# [Exercise]
Scan the entries and copy each line where the word "Blueberry" is present.

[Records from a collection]
Start of Block

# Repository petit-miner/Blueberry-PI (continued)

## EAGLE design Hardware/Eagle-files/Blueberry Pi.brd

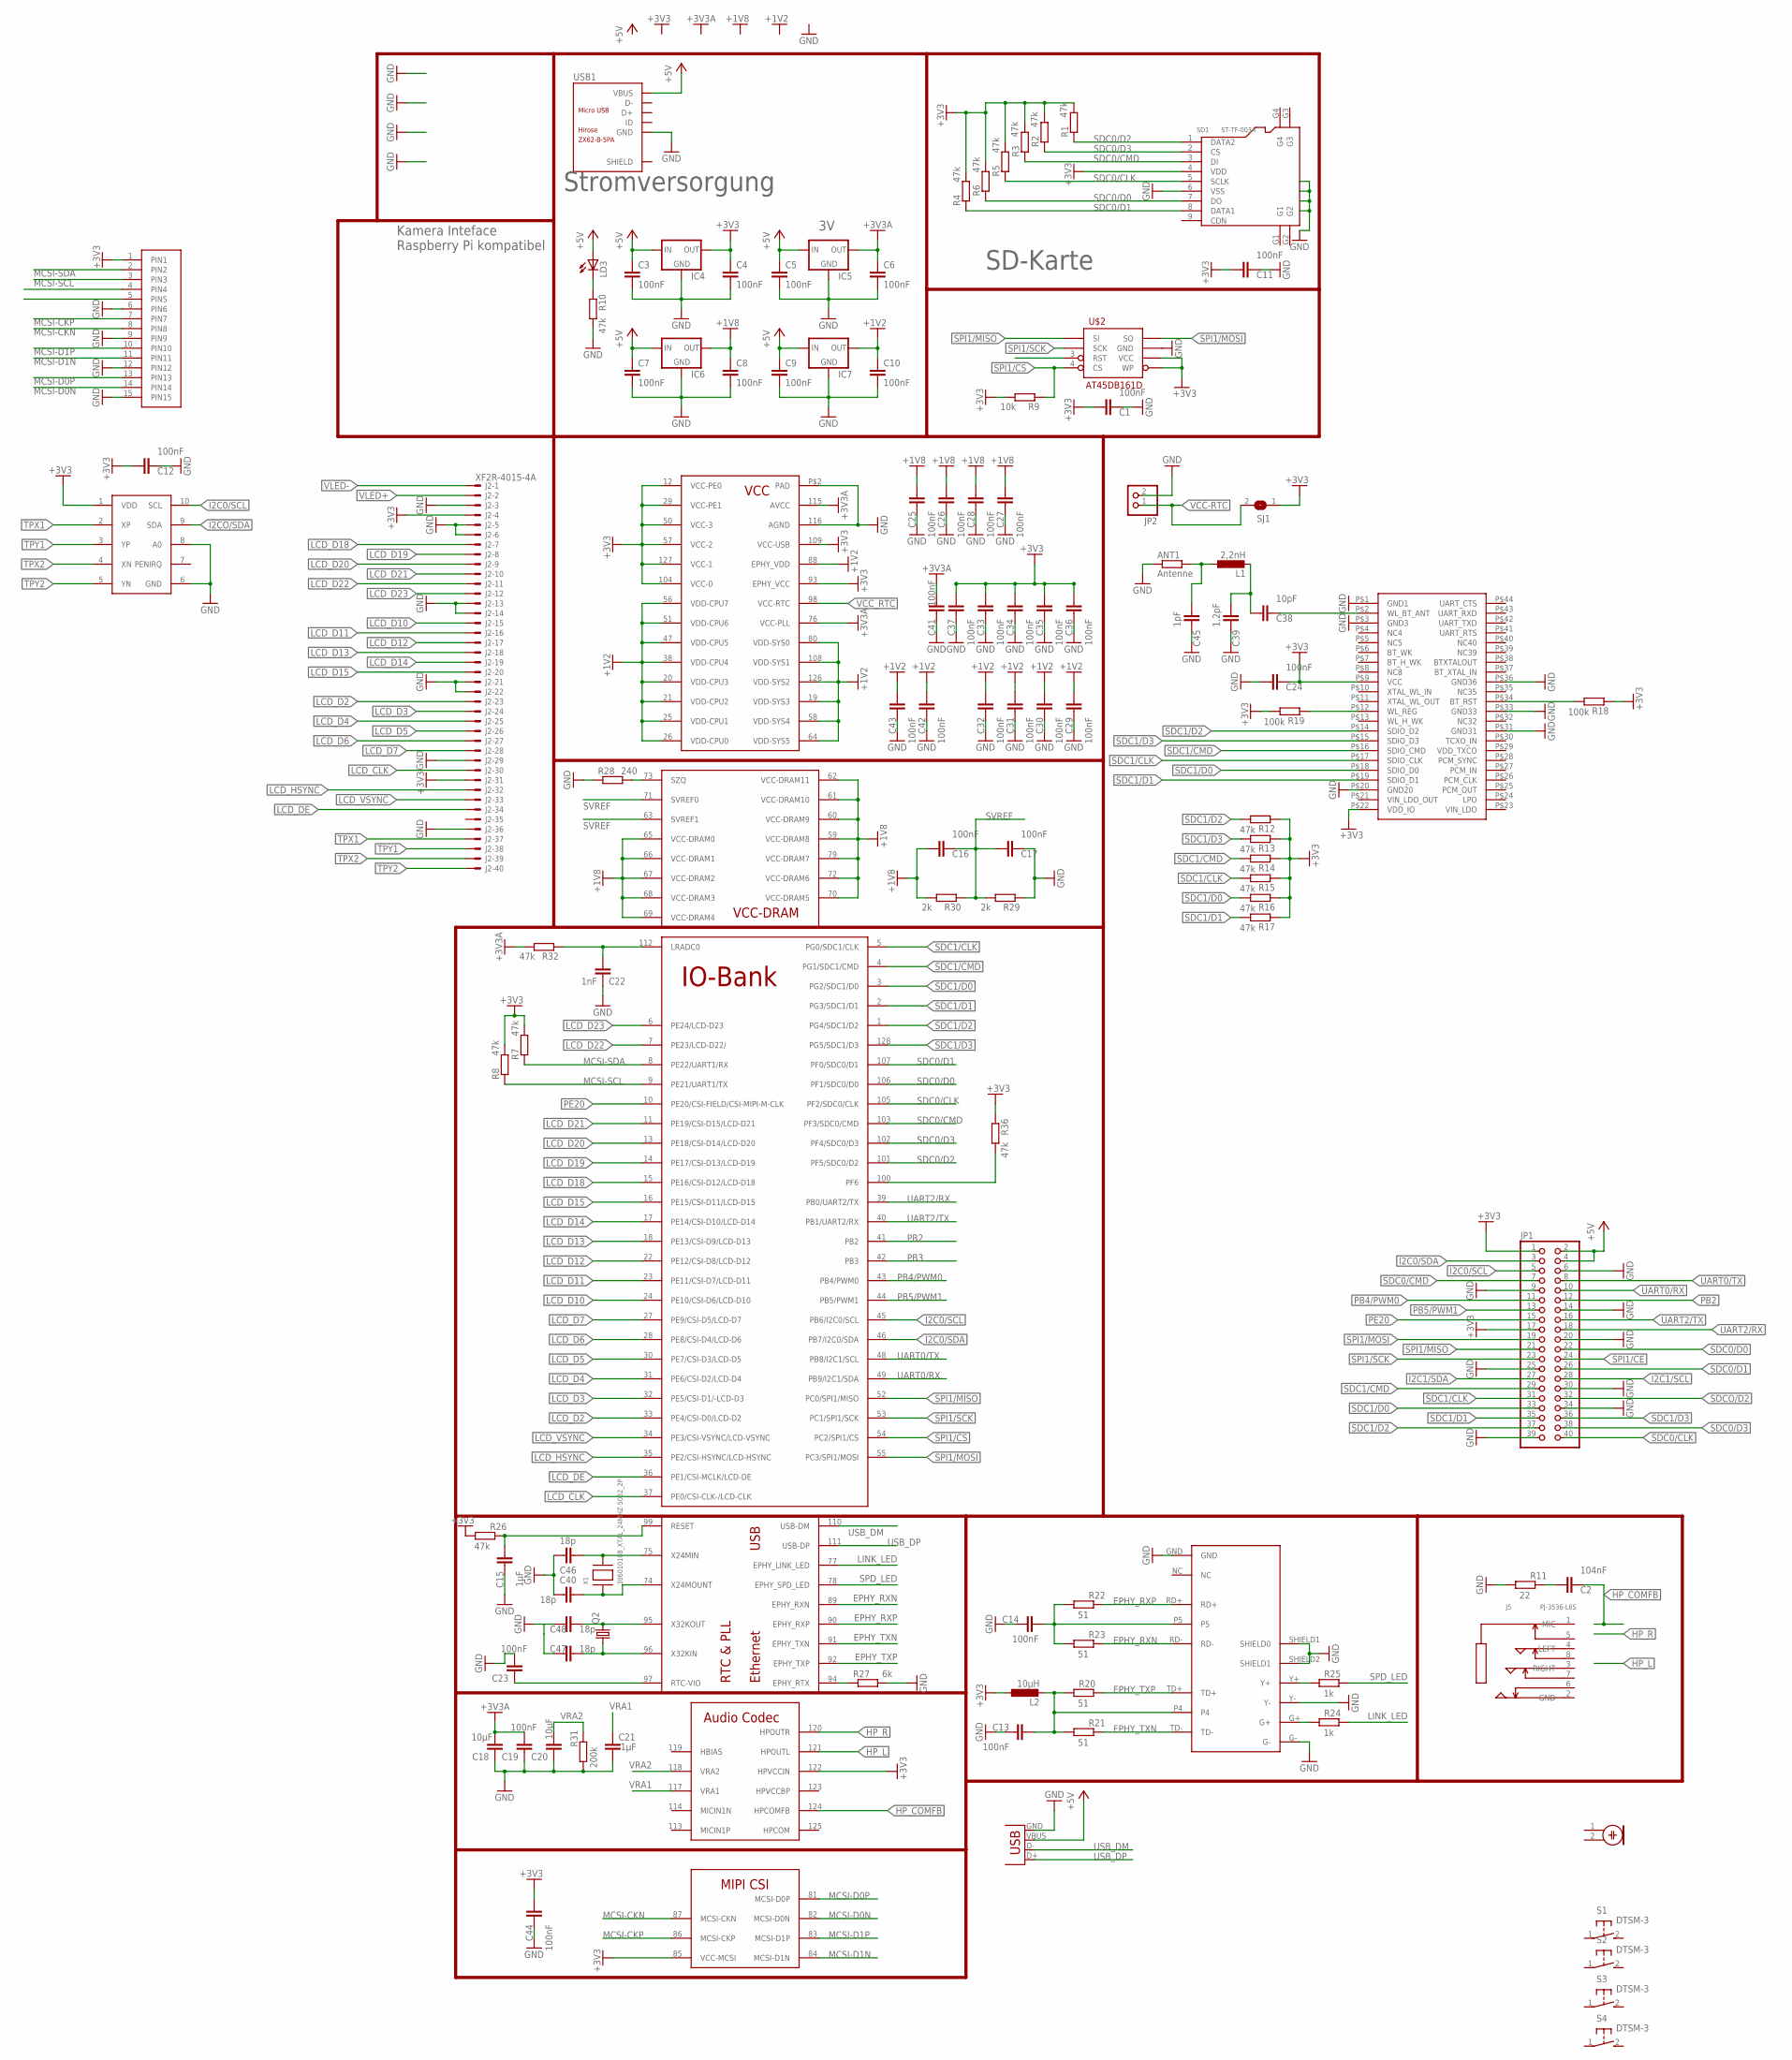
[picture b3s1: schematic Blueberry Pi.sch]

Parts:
ANT1: Antenne; R0603
C1, C3, C4, C5, C6, C7, C8, C9, C10, C11, C12, C13, C14, C16, C17, C19, C23, C24, C25, C26, C27, C28, C29, C30, C31, C32, C33, C34, C35, C36, C37, C41, C42, C43, C44: 100nF; C0603
C2: 104nF; C0603
C15, C21: 1µF; C0603
C18, C20: 10µF; C0603
C22: 1nF; C0603
C38: 10pF; C0603
C39: 1,2pF; C0603
C40, C46, C47, C48: 18p; C0603
C45: 1pF; C0603
IC1: V3S; QFP-128
IC4, IC5, IC6, IC7: LM1117; SOT223
J2: XF2R-4015-4A
J5: PJ-3536-L6S; AUDIO8P-SMD-3.5-14.5X6X5MM
JP1: PINHD-2X20; 2X20
JP2: PINHD-1X2; 1X02
L1: 2,2nH; L0805
L2: 10µH; L0805
LD3: LEDSMT1206; 1206
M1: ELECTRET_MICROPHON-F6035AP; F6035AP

End of Block

# [Task output]
# Repository petit-miner/Blueberry-PI (continued)
## EAGLE design Hardware/Eagle-files/Blueberry Pi.brd
[picture b3s1: schematic Blueberry Pi.sch]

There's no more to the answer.